Here is a picture of me, as I write, sitting on my under my loft-bed-frame-closet.

I got a little couchy-bed easy converter thing that fits underneath, and find that it's easy enough and worthwhile to pop the back up during the day. It's little, but MUCH better than actually sleeping on the loft bed, since the ceiling turned out to be way too low for such a thing. Really, I would have managed ok, but the problem was that I couldn't imagine inviting anyone else into such a ridiculously creaky/head-bumpy situation, and what's the point of a bed if I can't even imagine others in it? Especially since imagination is all I've got for the moment...

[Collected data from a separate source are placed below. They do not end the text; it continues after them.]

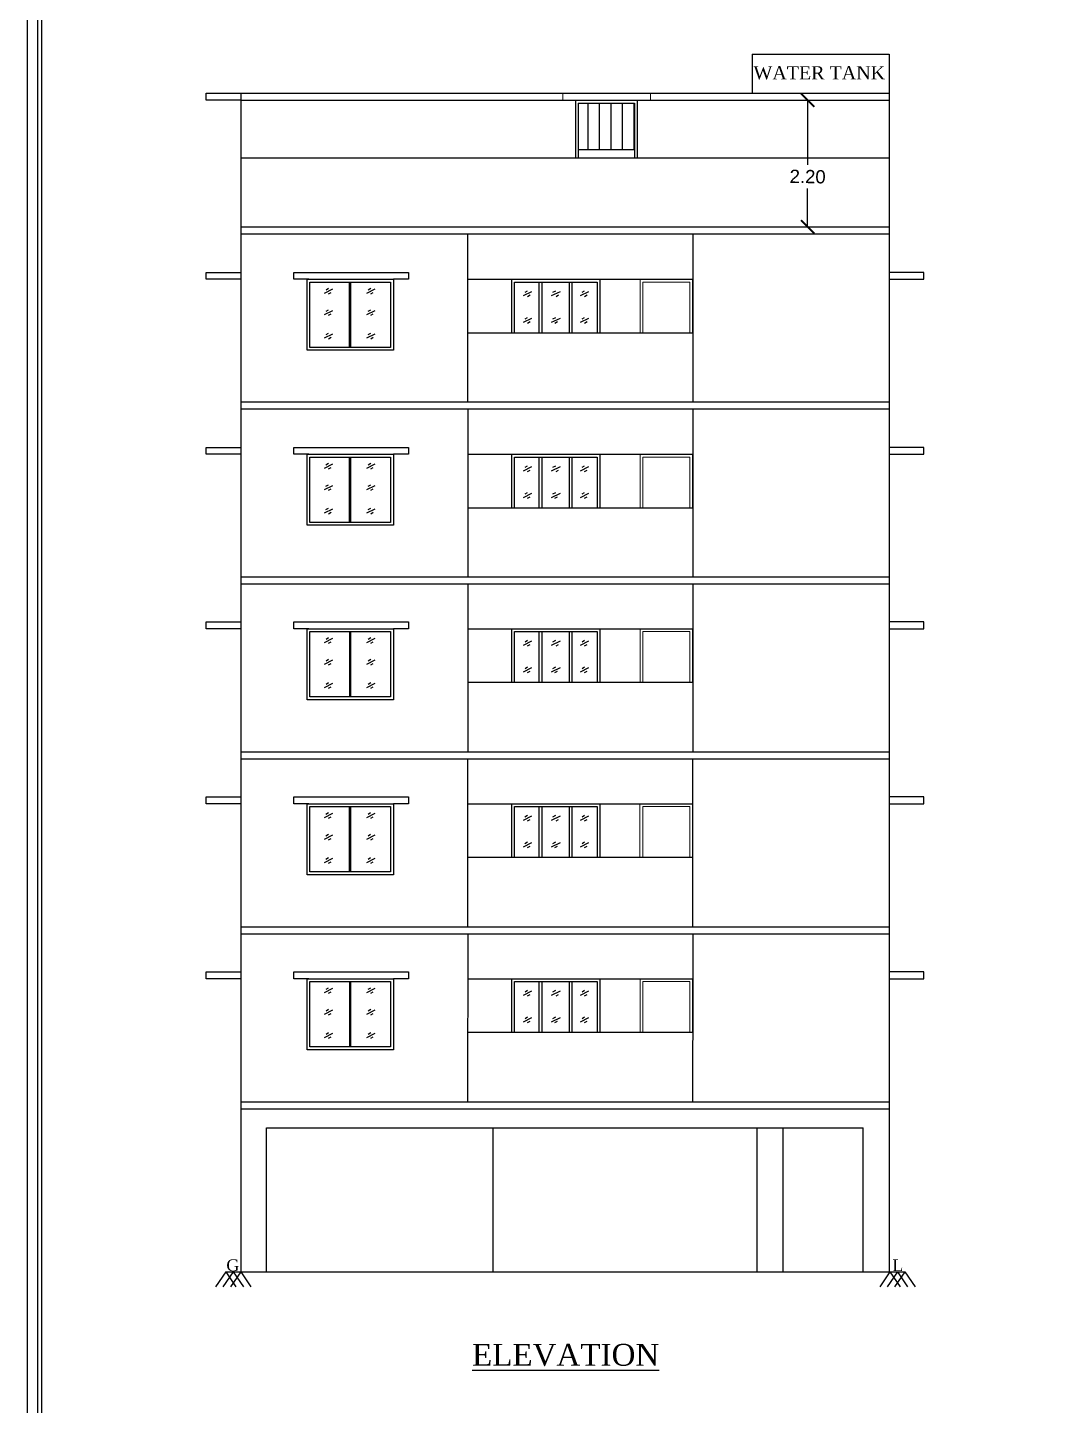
# Model space of a CAD drawing. Header units: metres. Extents: x -132 to 144, y -80 to -15.
# Drawn here: x -81.39 to -63.51, y -56.29 to -32.36 of the extents above; entities that cross this region are included whole.
import ezdxf
from ezdxf.enums import TextEntityAlignment as Align

# ---------------------------------------------------------------- set-up
doc = ezdxf.new("R2010")
doc.units = ezdxf.units.M
doc.header["$MEASUREMENT"] = 0
doc.header["$PDMODE"] = 3
doc.layers.get('0').update_dxf_attribs({"lineweight": 5})
doc.layers.get('DEFPOINTS').update_dxf_attribs({"lineweight": 5})
doc.layers.add('BLK_1_STAIR_HEADROOM', color=1, linetype='Continuous')
doc.styles.add('Isa-', font='times.ttf')
doc.styles.get("Standard").update_dxf_attribs({"font": 'arial.ttf'})
doc.styles.add('STYLE2', font='times.ttf')
doc.dimstyles.new('STANDARD$0', dxfattribs={"dimtxt": 0.5, "dimasz": 0.1, "dimexe": 2, "dimexo": 2, "dimgap": 0, "dimtad": 0, "dimzin": 0, "dimdsep": 46, "dimtxsty": 'Standard', "dimblk": 'OBLIQUE', "dimcen": -0.0625, "dimse1": 1, "dimse2": 1, "dimclrd": 3, "dimclre": 9, "dimadec": 0, "dimazin": 0, "dimtfac": 1, "dimtix": 1, "dimtofl": 0, "dimtmove": 2, "dimatfit": 3, "dimldrblk": 'OBLIQUE', "dimfxl": 0, "dimtolj": 1, "dimtzin": 0, "dimarcsym": 0})

# ---------------------------------------------------------------- blocks, each defined once
blk = doc.blocks.new('_ARCHTICK')
at = {"color": 0, "linetype": 'ByBlock', "const_width": 0.15}
blk.add_lwpolyline([(-0.5, -0.5), (0.5, 0.5)], dxfattribs=at)
blk = doc.blocks.new('*D179')
at = {"layer": 'BLK_1_STAIR_HEADROOM', "color": 1, "lineweight": -2}
for p, q in [((-67.843, -33.62), (-67.843, -34.74)), ((-67.843, -35.82), (-67.843, -35.155))]:
    blk.add_line(p, q, dxfattribs=at)
at = {"layer": 'DEFPOINTS', "color": 0}
for p in [(-67.811, -33.62), (-67.843, -35.82), (-67.811, -35.82)]:
    blk.add_point(p, dxfattribs=at)
at = {"layer": 'BLK_1_STAIR_HEADROOM', "color": 1, "lineweight": -2, "xscale": 0.23, "yscale": 0.23, "zscale": 0.23}
for p, rotation in [((-67.843, -33.62), 90), ((-67.843, -35.82), 270)]:
    blk.add_blockref('_ARCHTICK', p, dxfattribs=dict(at, rotation=rotation))
at = {"layer": 'BLK_1_STAIR_HEADROOM', "color": 0, "lineweight": -3, "insert": (-67.843, -34.947), "char_height": 0.23, "attachment_point": 5, "rotation": 359}
blk.add_mtext('\\A1;2.20', dxfattribs=at)

msp = doc.modelspace()

# ---------------------------------------------------------------- hatches: boundary and pattern name
at = {"lineweight": -3}
h = msp.add_hatch(dxfattribs=at)
h.set_pattern_fill('AR-PARQ1', color=233, scale=0.1, angle=90, style=0)
h.set_pattern_definition([(180, (-44.2573, 101.1186), (-1.2, -1.2), [1.2, -1.2]), (180, (-44.2573, 101.3186), (-1.2, -1.2), [1.2, -1.2]), (180, (-44.2573, 101.5186), (-1.2, -1.2), [1.2, -1.2]), (180, (-44.2573, 101.7186), (-1.2, -1.2), [1.2, -1.2]), (180, (-44.2573, 101.9186), (-1.2, -1.2), [1.2, -1.2]), (180, (-44.2573, 102.1186), (-1.2, -1.2), [1.2, -1.2]), (180, (-44.2573, 102.3186), (-1.2, -1.2), [1.2, -1.2]), (90, (-45.4573, 101.1186), (1.2, 1.2), [1.2, -1.2]), (90, (-45.6573, 101.1186), (1.2, 1.2), [1.2, -1.2]), (90, (-45.8573, 101.1186), (1.2, 1.2), [1.2, -1.2]), (90, (-46.0573, 101.1186), (1.2, 1.2), [1.2, -1.2]), (90, (-46.2573, 101.1186), (1.2, 1.2), [1.2, -1.2]), (90, (-46.4573, 101.1186), (1.2, 1.2), [1.2, -1.2]), (90, (-46.6573, 101.1186), (1.2, 1.2), [1.2, -1.2])])
h.paths.add_polyline_path([(-70.85268, -34.61986), (-70.85268, -33.66986), (-71.82602, -33.66986), (-71.82602, -34.61986)])

# ---------------------------------------------------------------- linework, layer by layer
for p, q in [((-68.80391, -32.81986), (-66.42725, -32.81986)), ((-68.80391, -32.81986), (-68.80391, -33.49986)), ((-66.42725, -32.81986), (-66.42725, -34.61986)), ((-78.28725, -33.61986), (-78.28725, -33.49986)), ((-78.28725, -33.49986), (-77.68725, -33.49986)), ((-77.68725, -33.49986), (-77.68866, -53.96976)), ((-77.68725, -33.49986), (-66.42725, -33.49986)), ((-77.68725, -33.61986), (-78.28725, -33.61986)), ((-77.68725, -33.61986), (-66.42725, -33.61986)), ((-77.68725, -34.61986), (-66.42725, -34.61986)), ((-66.42725, -34.61986), (-66.42866, -53.96976)), ((-77.68725, -35.81986), (-66.42725, -35.81986)), ((-77.68725, -35.93986), (-66.42725, -35.93986)), ((-73.74807, -35.93986), (-73.74807, -38.85986)), ((-69.83916, -35.93986), (-69.83916, -36.72986)), ((-78.28725, -36.72986), (-78.28725, -36.60986)), ((-78.28725, -36.60986), (-77.68725, -36.60986)), ((-65.82725, -36.60986), (-66.42725, -36.60986)), ((-65.82725, -36.72986), (-65.82725, -36.60986)), ((-77.68725, -36.72986), (-78.28725, -36.72986)), ((-73.74807, -36.72986), (-69.83916, -36.72986)), ((-69.83916, -36.72986), (-69.83916, -38.85986)), ((-66.42725, -36.72986), (-65.82725, -36.72986)), ((-76.23339, -36.96897), (-76.08737, -36.89604)), ((-75.49979, -36.96897), (-75.35377, -36.89604)), ((-72.77748, -37.01448), (-72.63005, -36.94156)), ((-72.29214, -37.01448), (-72.13612, -36.94156)), ((-71.78719, -37.01448), (-71.64118, -36.94156)), ((-76.23339, -37.343), (-76.08737, -37.27008)), ((-75.49979, -37.343), (-75.35377, -37.27008)), ((-72.77748, -37.47778), (-72.63005, -37.40486)), ((-72.29214, -37.47778), (-72.13612, -37.40486)), ((-71.78719, -37.47778), (-71.64118, -37.40486)), ((-76.23339, -37.74955), (-76.08737, -37.67663)), ((-75.49979, -37.74955), (-75.35377, -37.67663)), ((-73.74807, -37.65986), (-69.83916, -37.65986)), ((-77.68725, -38.85986), (-66.42725, -38.85986)), ((-77.68725, -38.97986), (-66.42725, -38.97986)), ((-73.74665, -38.97986), (-73.74665, -41.89986)), ((-69.83916, -38.97986), (-69.83916, -39.76986)), ((-78.28725, -39.76986), (-78.28725, -39.64986)), ((-78.28725, -39.64986), (-77.68725, -39.64986)), ((-65.82725, -39.64986), (-66.42725, -39.64986)), ((-65.82725, -39.76986), (-65.82725, -39.64986)), ((-77.68725, -39.76986), (-78.28725, -39.76986)), ((-76.2336, -40.00897), (-76.08758, -39.93604)), ((-75.5, -40.00897), (-75.35398, -39.93604)), ((-73.7485, -39.76986), (-69.83959, -39.76986)), ((-69.83916, -39.76986), (-69.83916, -41.89986)), ((-66.42725, -39.76986), (-65.82725, -39.76986)), ((-72.77791, -40.05448), (-72.63048, -39.98156)), ((-72.29257, -40.05448), (-72.13656, -39.98156)), ((-71.78762, -40.05448), (-71.64161, -39.98156)), ((-76.2336, -40.383), (-76.08758, -40.31008)), ((-75.5, -40.383), (-75.35398, -40.31008)), ((-72.77791, -40.51778), (-72.63048, -40.44486)), ((-72.29257, -40.51778), (-72.13656, -40.44486)), ((-71.78762, -40.51778), (-71.64161, -40.44486)), ((-76.2336, -40.78955), (-76.08758, -40.71663)), ((-75.5, -40.78955), (-75.35398, -40.71663)), ((-73.7485, -40.69986), (-69.83959, -40.69986)), ((-77.68725, -41.89986), (-66.42725, -41.89986)), ((-77.68725, -42.01986), (-66.42725, -42.01986)), ((-73.74665, -42.01986), (-73.74665, -44.93986)), ((-69.83916, -42.01986), (-69.83916, -42.79986)), ((-78.28725, -42.79986), (-78.28725, -42.67986)), ((-78.28725, -42.67986), (-77.68725, -42.67986)), ((-77.68725, -42.79986), (-78.28725, -42.79986)), ((-73.74807, -42.79986), (-69.83916, -42.79986)), ((-69.83916, -42.79986), (-69.83916, -44.93986)), ((-65.82725, -42.67986), (-66.42725, -42.67986)), ((-66.42725, -42.79986), (-65.82725, -42.79986)), ((-65.82725, -42.79986), (-65.82725, -42.67986)), ((-76.23316, -43.03897), (-76.08715, -42.96604)), ((-75.49956, -43.03897), (-75.35355, -42.96604)), ((-72.77748, -43.08448), (-72.63005, -43.01156)), ((-72.29214, -43.08448), (-72.13612, -43.01156)), ((-71.78719, -43.08448), (-71.64118, -43.01156)), ((-76.23316, -43.413), (-76.08715, -43.34008)), ((-75.49956, -43.413), (-75.35355, -43.34008)), ((-72.77748, -43.54778), (-72.63005, -43.47486)), ((-72.29214, -43.54778), (-72.13612, -43.47486)), ((-71.78719, -43.54778), (-71.64118, -43.47486)), ((-76.23316, -43.81955), (-76.08715, -43.74663)), ((-75.49956, -43.81955), (-75.35355, -43.74663)), ((-73.74807, -43.72986), (-69.83916, -43.72986)), ((-77.68725, -44.93986), (-66.42725, -44.93986)), ((-77.68725, -45.05986), (-66.42725, -45.05986)), ((-73.74665, -47.97986), (-73.74665, -45.05986)), ((-69.83916, -45.83986), (-69.83916, -45.05986)), ((-78.28725, -45.83986), (-78.28725, -45.71986)), ((-78.28725, -45.71986), (-77.68725, -45.71986)), ((-77.68725, -45.83986), (-78.28725, -45.83986)), ((-73.74892, -45.83986), (-69.84001, -45.83986)), ((-69.83916, -47.97986), (-69.83916, -45.83986)), ((-65.82725, -45.71986), (-66.42725, -45.71986)), ((-66.42725, -45.83986), (-65.82725, -45.83986)), ((-65.82725, -45.83986), (-65.82725, -45.71986)), ((-76.23402, -46.07897), (-76.088, -46.00604)), ((-75.50042, -46.07897), (-75.3544, -46.00604)), ((-72.77833, -46.12448), (-72.6309, -46.05156)), ((-72.29299, -46.12448), (-72.13698, -46.05156)), ((-71.78804, -46.12448), (-71.64203, -46.05156)), ((-76.23402, -46.453), (-76.088, -46.38008)), ((-75.50042, -46.453), (-75.3544, -46.38008)), ((-72.77833, -46.58778), (-72.6309, -46.51486)), ((-72.29299, -46.58778), (-72.13698, -46.51486)), ((-71.78804, -46.58778), (-71.64203, -46.51486)), ((-76.23402, -46.85955), (-76.088, -46.78663)), ((-75.50042, -46.85955), (-75.3544, -46.78663)), ((-73.74892, -46.76986), (-69.84001, -46.76986)), ((-77.68725, -47.97986), (-66.42725, -47.97986)), ((-77.68725, -48.09986), (-66.42725, -48.09986)), ((-73.74665, -48.09986), (-73.74807, -51.01976)), ((-69.83916, -48.09986), (-69.83916, -48.87986)), ((-78.28725, -48.87986), (-78.28725, -48.75986)), ((-78.28725, -48.75986), (-77.68725, -48.75986)), ((-65.82725, -48.75986), (-66.42725, -48.75986)), ((-65.82725, -48.87986), (-65.82725, -48.75986)), ((-77.68725, -48.87986), (-78.28725, -48.87986)), ((-76.23316, -49.11897), (-76.08715, -49.04604)), ((-75.49956, -49.11897), (-75.35355, -49.04604)), ((-73.74807, -48.87986), (-69.83916, -48.87986)), ((-69.83916, -48.87986), (-69.84057, -51.01976)), ((-66.42725, -48.87986), (-65.82725, -48.87986)), ((-72.77748, -49.16448), (-72.63005, -49.09156)), ((-72.29214, -49.16448), (-72.13612, -49.09156)), ((-71.78719, -49.16448), (-71.64118, -49.09156)), ((-76.23316, -49.493), (-76.08715, -49.42008)), ((-75.49956, -49.493), (-75.35355, -49.42008)), ((-72.77748, -49.62778), (-72.63005, -49.55486)), ((-72.29214, -49.62778), (-72.13612, -49.55486)), ((-71.78719, -49.62778), (-71.64118, -49.55486)), ((-76.23316, -49.89955), (-76.08715, -49.82663)), ((-75.49956, -49.89955), (-75.35355, -49.82663)), ((-73.74807, -49.80986), (-69.83916, -49.80986)), ((-77.68866, -51.01976), (-66.42866, -51.01976)), ((-77.68866, -51.13976), (-66.42866, -51.13976)), ((-77.23866, -51.46976), (-66.87866, -51.46976)), ((-77.23866, -53.96976), (-77.23866, -51.46976)), ((-73.31278, -51.46976), (-73.31278, -53.96976)), ((-68.72533, -51.46976), (-68.72533, -53.96976)), ((-68.27533, -51.46976), (-68.27533, -53.96976)), ((-66.87866, -53.96976), (-66.87866, -51.46976)), ((-77.9483, -53.96976), (-66.1554, -53.96976))]:
    msp.add_line(p, q, dxfattribs=at)
for p, q in [((-72.09268, -33.49986), (-72.09268, -33.61986)), ((-70.57268, -33.49986), (-70.57268, -33.61986)), ((-71.44987, -37.65986), (-72.98129, -37.65986)), ((-71.45031, -40.69986), (-72.98172, -40.69986)), ((-71.44987, -43.72986), (-72.98129, -43.72986)), ((-71.45073, -46.76986), (-72.98214, -46.76986)), ((-71.44987, -49.80986), (-72.98129, -49.80986))]:
    msp.add_line(p, q)
at = {"color": 233, "lineweight": -3}
for p, q in [((-71.87602, -33.61986), (-71.87602, -34.61986)), ((-71.82602, -33.66986), (-70.85268, -33.66986)), ((-71.82602, -33.66986), (-71.82602, -34.61986)), ((-70.85268, -33.66986), (-70.85268, -34.61986)), ((-70.80268, -33.61986), (-70.80268, -34.61986)), ((-69.83916, -36.72986), (-69.83916, -37.65743)), ((-69.83959, -39.76986), (-69.83959, -40.69743)), ((-69.83916, -42.79986), (-69.83916, -43.72743)), ((-69.84001, -45.83986), (-69.84001, -46.76743)), ((-69.83916, -48.87986), (-69.83916, -49.80743))]:
    msp.add_line(p, q, dxfattribs=at)
at = {"color": 211, "lineweight": -3}
for p, q in [((-75.79604, -37.91267), (-75.79604, -36.77986)), ((-75.77579, -37.91267), (-75.77579, -36.77986)), ((-72.50341, -37.65986), (-72.50341, -36.77986)), ((-72.45341, -37.65986), (-72.45341, -36.77986)), ((-71.97987, -37.65986), (-71.97987, -36.77986)), ((-71.92987, -37.65986), (-71.92987, -36.77986)), ((-75.79625, -40.95267), (-75.79625, -39.81986)), ((-75.776, -40.95267), (-75.776, -39.81986)), ((-72.50385, -40.69986), (-72.50385, -39.81986)), ((-72.45385, -40.69986), (-72.45385, -39.81986)), ((-71.98031, -40.69986), (-71.98031, -39.81986)), ((-71.93031, -40.69986), (-71.93031, -39.81986)), ((-75.79581, -43.98267), (-75.79581, -42.84986)), ((-75.77556, -43.98267), (-75.77556, -42.84986)), ((-72.50341, -43.72986), (-72.50341, -42.84986)), ((-72.45341, -43.72986), (-72.45341, -42.84986)), ((-71.97987, -43.72986), (-71.97987, -42.84986)), ((-71.92987, -43.72986), (-71.92987, -42.84986)), ((-75.79667, -47.02267), (-75.79667, -45.88986)), ((-75.77642, -47.02267), (-75.77642, -45.88986)), ((-72.50427, -46.76986), (-72.50427, -45.88986)), ((-72.45427, -46.76986), (-72.45427, -45.88986)), ((-71.98073, -46.76986), (-71.98073, -45.88986)), ((-71.93073, -46.76986), (-71.93073, -45.88986)), ((-75.79581, -50.06267), (-75.79581, -48.92986)), ((-75.77556, -50.06267), (-75.77556, -48.92986)), ((-72.50341, -49.80986), (-72.50341, -48.92986)), ((-72.45341, -49.80986), (-72.45341, -48.92986)), ((-71.97987, -49.80986), (-71.97987, -48.92986)), ((-71.92987, -49.80986), (-71.92987, -48.92986))]:
    msp.add_line(p, q, dxfattribs=at)
at = {"color": 121, "lineweight": -3}
for p, q in [((-76.20682, -36.91087), (-76.16457, -36.88475)), ((-76.16247, -36.98101), (-76.11897, -36.95731)), ((-75.47322, -36.91087), (-75.43098, -36.88475)), ((-75.42887, -36.98101), (-75.38537, -36.95731)), ((-72.75091, -36.95638), (-72.70867, -36.93026)), ((-72.70656, -37.02652), (-72.66306, -37.00282)), ((-72.26557, -36.95638), (-72.21332, -36.93026)), ((-72.21122, -37.02652), (-72.16772, -37.00282)), ((-71.76063, -36.95638), (-71.71838, -36.93026)), ((-71.71627, -37.02652), (-71.67278, -37.00282)), ((-76.20682, -37.2849), (-76.16457, -37.25878)), ((-76.16247, -37.35504), (-76.11897, -37.33134)), ((-75.47322, -37.2849), (-75.43098, -37.25878)), ((-75.42887, -37.35504), (-75.38537, -37.33134)), ((-72.75091, -37.41968), (-72.70867, -37.39356)), ((-72.70656, -37.48982), (-72.66306, -37.46612)), ((-72.26557, -37.41968), (-72.21332, -37.39356)), ((-72.23171, -37.48982), (-72.18821, -37.46612)), ((-71.76063, -37.41968), (-71.71838, -37.39356)), ((-71.71627, -37.48982), (-71.67278, -37.46612)), ((-76.20682, -37.69145), (-76.16457, -37.66533)), ((-76.16247, -37.76159), (-76.11897, -37.73789)), ((-75.47322, -37.69145), (-75.43098, -37.66533)), ((-75.42887, -37.76159), (-75.38537, -37.73789)), ((-76.20703, -39.95087), (-76.16478, -39.92475)), ((-75.47343, -39.95087), (-75.43119, -39.92475)), ((-76.16268, -40.02101), (-76.11918, -39.99731)), ((-75.42908, -40.02101), (-75.38558, -39.99731)), ((-72.75135, -39.99638), (-72.7091, -39.97026)), ((-72.70699, -40.06652), (-72.6635, -40.04282)), ((-72.266, -39.99638), (-72.21376, -39.97026)), ((-72.21165, -40.06652), (-72.16816, -40.04282)), ((-71.76106, -39.99638), (-71.71881, -39.97026)), ((-71.7167, -40.06652), (-71.67321, -40.04282)), ((-76.20703, -40.3249), (-76.16478, -40.29878)), ((-76.16268, -40.39504), (-76.11918, -40.37134)), ((-75.47343, -40.3249), (-75.43119, -40.29878)), ((-75.42908, -40.39504), (-75.38558, -40.37134)), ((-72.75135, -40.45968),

oh, heh. About that warning coming into the blog. Kind of hilarious. But I figured the last one was edging closer to talking directly about sex the longer it went on, and since that's the area of my self/life that seems to be changing the most these days, I might want to just come out and talk dirty sometimes. So, let that, and then this, be your warning, those of you who might not know this about me already: I enjoy a bit of raunch, and when I'm not getting laid regularly (like, say, now) it starts to seep out in other ways, like maybe onto teh internets.
It's wierd, because I imagine the primary readers of this blog will be the same chosen few as the last, but the transition of blog to go with home-place provides an opportunity for redefinition. Plus I'll probably pick up a few kids along the way, although I know at least one of them claims to never read blogs (hey friend, don't you owe me a phone call?).
Still, it's funny that I now have a breadcrumb trail of internet-expressions following behind me, after I resisted for so long, claiming to be too private a person. I suppose a couple of years of relative social isolation will do that to a girl.
Hence the title of this post - taken from an article in this week's nyt magazine, a steady friend if ever I have known one. Ambient awareness - the constant low-level input of friends' and acquaintances' lives via technology. I am all over the internet, and for a while now a serious majority of my social life has been conducted over little wires, or actually now that I think of it, wirelessly. What does that do to the quality of my social connections? Yes, I am spread more thin, to call most of my facebook connections "friends" is really a stretch, but then the constant facebook updating and tumblr pictures and g-chat status and other blogs, it makes me feel so much closer and more connected to the people I really love.
But then in other ways, it means that I rarely take the time to reach out and talk to them. There are a couple exceptions to this rule, of course, but mostly I find that the people I take the time to write to and call are those who are more absent from the internet. Peyton isn't on facebook, and she's the first person (ok, outside of des) that I called here.
Soon enough, if life follows my master plan, I will have real living flesh and blood type friends here, and my reliance on the internet (as well as my self-consciousness about it) will fade back to pre-leaving-portland levels. But then if that's the plan, why the hell am I starting a new blog?